When the body encounters bacteria, viruses or harmful substances, its innate immune cells, neutrophils, assemble at the site to combat the invader.
Credit: UofL photo.
When the body encounters bacteria, viruses or harmful substances, its innate immune cells, neutrophils, assemble at the site to combat the invader.
Bacteria and viruses have ways to avoid these defenses, however. Yersinia pestis, the bacteria that causes bubonic and pneumonic plague, for example, can hide from the immune system, allowing it to replicate in the body unhindered until it can overwhelm the host. This ability allowed Y. pestis to spread bubonic plague across Europe in the 14th Century, killing a third of the European population.
While plague may not be a serious threat to human health in modern times, researchers at the University of Louisville are studying Y. pestis to better understand its ability to evade the immune system and apply that understanding to control other pathogens.
“If you look at human plague, people don’t show symptoms right away even though they have an active infection because the bacteria is hiding from the immune system. Then all of a sudden there is a lot of bacteria, the immune system is overwhelmed and in the case of pneumonic plague, the individual dies from pneumonia,” said Matthew Lawrenz, professor in the UofL Department of Microbiology and Immunology.
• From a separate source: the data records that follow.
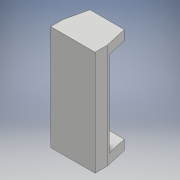
# Autodesk Inventor part: Part2
Saved by Autodesk Inventor 2017.3 (Build 213256000, 256)
## iProperties
Part Number: Part2
Material: 一般
Document SubType Name: Modeling
Designer: sktom
Density: 1 g/cm^3
Appearance: 既定
Author: sktom
Autodesk Inventor part; units mm, degrees
ref_plane "YZ Plane" through (0, 0, 0) normal (1, 0, 0) x (0, 1, 0)
ref_plane "XZ Plane" through (0, 0, 0) normal (0, 1, 0) x (-1, 0, 0)
ref_plane "XY Plane" through (0, 0, 0) normal (0, 0, 1) x (1, 0, 0)
sketch "スケッチ1" plane through (0, 0, 0) normal (0, 0, 1) x (1, 0, 0)
  line L0 (-9.05, -7) -> (9.05, -7)
  line L1 (9.05, -7) -> (9.05, 7)
  line L2 (9.05, 7) -> (-9.05, 7)
  line L3 (-9.05, 7) -> (-9.05, -7)
  line L4 (-9.05, -7) -> (9.05, 7) construction
  line L5 (9.05, -7) -> (-9.05, 7) construction
  point P0 (0, 0)
  dimension "d1" = 14
  dimension "d2" = 18.1
  constraints: 12 end point, 2 midpoint, 2 parallel, 1 horizontal, 1 perpendicular
  measures "d1" distance of L0.end L1.end
  measures "d2" distance of L0.start L0.end
extrude "押し出し1" add sketch "スケッチ1" along normal blind 42.8
sketch "スケッチ2" plane through (0, 0, 42.8) normal (0, 0, 1) x (1, 0, 0)
  line L0 (-9.05, 7) -> (-9.05, -7) projected
  line L1 (-9.05, 7) -> (-7, 7)
  line L2 (-7, 7) -> (-9.05, -2)
  line L3 (9.05, 7) -> (-9.05, 7) projected
  line L4 (-9.05, 7) -> (-9.05, -2)
  line L5 (9.05, -7) -> (9.05, 7) projected
  line L6 (9.05, 7) -> (9.05, -2)
  line L7 (9.05, -2) -> (7, 7)
  line L8 (7, 7) -> (9.05, 7)
  line L9 (-9.05, -7) -> (9.05, -7) projected
  point P0 (0, 0)
  dimension "d5" = 14
  dimension "d6" = 5
  constraints: 12 end point, 3 point on line, 2 perpendicular, 1 equal length, 1 horizontal, 1 horizontal alignment
  measures "d5" distance of L7.end L1.end
  measures "d6" distance from line of L9 L6.end
extrude "押し出し2" cut sketch "スケッチ2" against normal through all contours L1 L2 L0 | L3 L5 L7
sketch "スケッチ3" plane through (-7, 7, 0) normal (0, 1, 0) x (1, 0, 0)
  line L0 (-2.05, 0) -> (-2.05, -42.8) projected
  line L1 (16.05, 0) -> (16.05, -42.8) projected
  line L2 (-2.05, -38.8) -> (16.05, -38.8)
  line L3 (16.05, -38.8) -> (16.05, -4)
  line L4 (16.05, -4) -> (-2.05, -4)
  line L5 (-2.05, -4) -> (-2.05, -38.8)
  line L6 (14, 0) -> (0, 0) projected
  line L7 (14, -42.8) -> (0, -42.8) projected
  point P0 (7, 0)
  dimension "d9" = 4
  dimension "d10" = 4
  constraints: 8 end point, 2 parallel, 2 point on line, 1 horizontal, 1 perpendicular
  measures "d9" distance between parallel lines of L6 L4
  measures "d10" distance between parallel lines of L7 L2
extrude "押し出し3" cut sketch "スケッチ3" against normal blind 8
sketch "スケッチ4" plane through (-7, 7, 4) normal (0, 0, 1) x (1, 0, 0)
  circle A0 centre (7, -4.45) radius 8.25
  line L0 (-2.05, -14) -> (16.05, -14) projected
  point P0 (7, -7)
  dimension "d13" = 16.5
  dimension "d14" = 17.8
  constraints: 1 centre point, 1 vertical alignment
  measures "d13" diameter of A0
extrude "押し出し4" cut sketch "スケッチ4" along normal up to surface (34.8 mm away)
sketch "スケッチ5" plane through (-7, 7, 0) normal (0, 1, 0) x (1, 0, 0)
  line L0 (2.1, -3) -> (11.9, -3)
  line L1 (11.9, -3) -> (11.9, -1)
  line L2 (11.9, -1) -> (2.1, -1)
  line L3 (2.1, -1) -> (2.1, -3)
  line L4 (2.1, -3) -> (11.9, -1) construction
  line L5 (11.9, -3) -> (2.1, -1) construction
  line L6 (14, -4) -> (14, 0) projected
  line L7 (14, 0) -> (0, 0) projected
  point P0 (7, 0)
  point P1 (7, -2)
  point P2 (7, -2)
  point P3 (14, -2)
  point P4 (7, -2)
  point P5 (7, 0)
  dimension "d17" = 2
  dimension "d18" = 9.8
  constraints: 12 end point, 6 midpoint, 2 parallel, 1 horizontal, 1 horizontal alignment, 1 perpendicular, 1 vertical alignment
  measures "d17" distance of L0.end L1.end
  measures "d18" distance of L1.end L2.end
extrude "押し出し5" cut sketch "スケッチ5" against normal blind 13

Neutrophils are the immune system’s first responders, sending out protein molecules to summon other neutrophils to attack and destroy the invader. Among the first molecules sent out by neutrophils to signal an infection are Leukotriene B4 (LTB4) lipid molecules. Y. pestis interferes with the immune response by suppressing the LTB4 signals. Lawrenz has received a new $2.9 million, four-year grant from the National Institutes of Health to investigate how Y. pestis blocks LTB4. Ultimately, he expects this understanding will lead to ways to prevent Y. pestis from blocking the signals and hopefully, apply that understanding to other types of infections.
“This historic pathogen is really good at manipulating the immune system, so we use it as a tool to better understand how white blood cells like neutrophils and macrophages respond to bacterial infection,” Lawrenz said. “In this project, we are using Yersinia to better understand why LTB4 is so important to controlling plague. This understanding would apply to almost any infection of the lungs or other areas, and it probably could apply to viruses also.”
A member of the UofL Center for Predictive Medicine for Biodefense and Emerging Infectious Diseases, Lawrenz has been studying plague bacteria for nearly two decades. His previous work includes discoveries of how Y. pestis acquires iron and zinc to overcome a host’s defense mechanism known as nutritional immunity and has increased understanding of how Y. pestis inhabits spaces within host macrophages to hide from the immune system.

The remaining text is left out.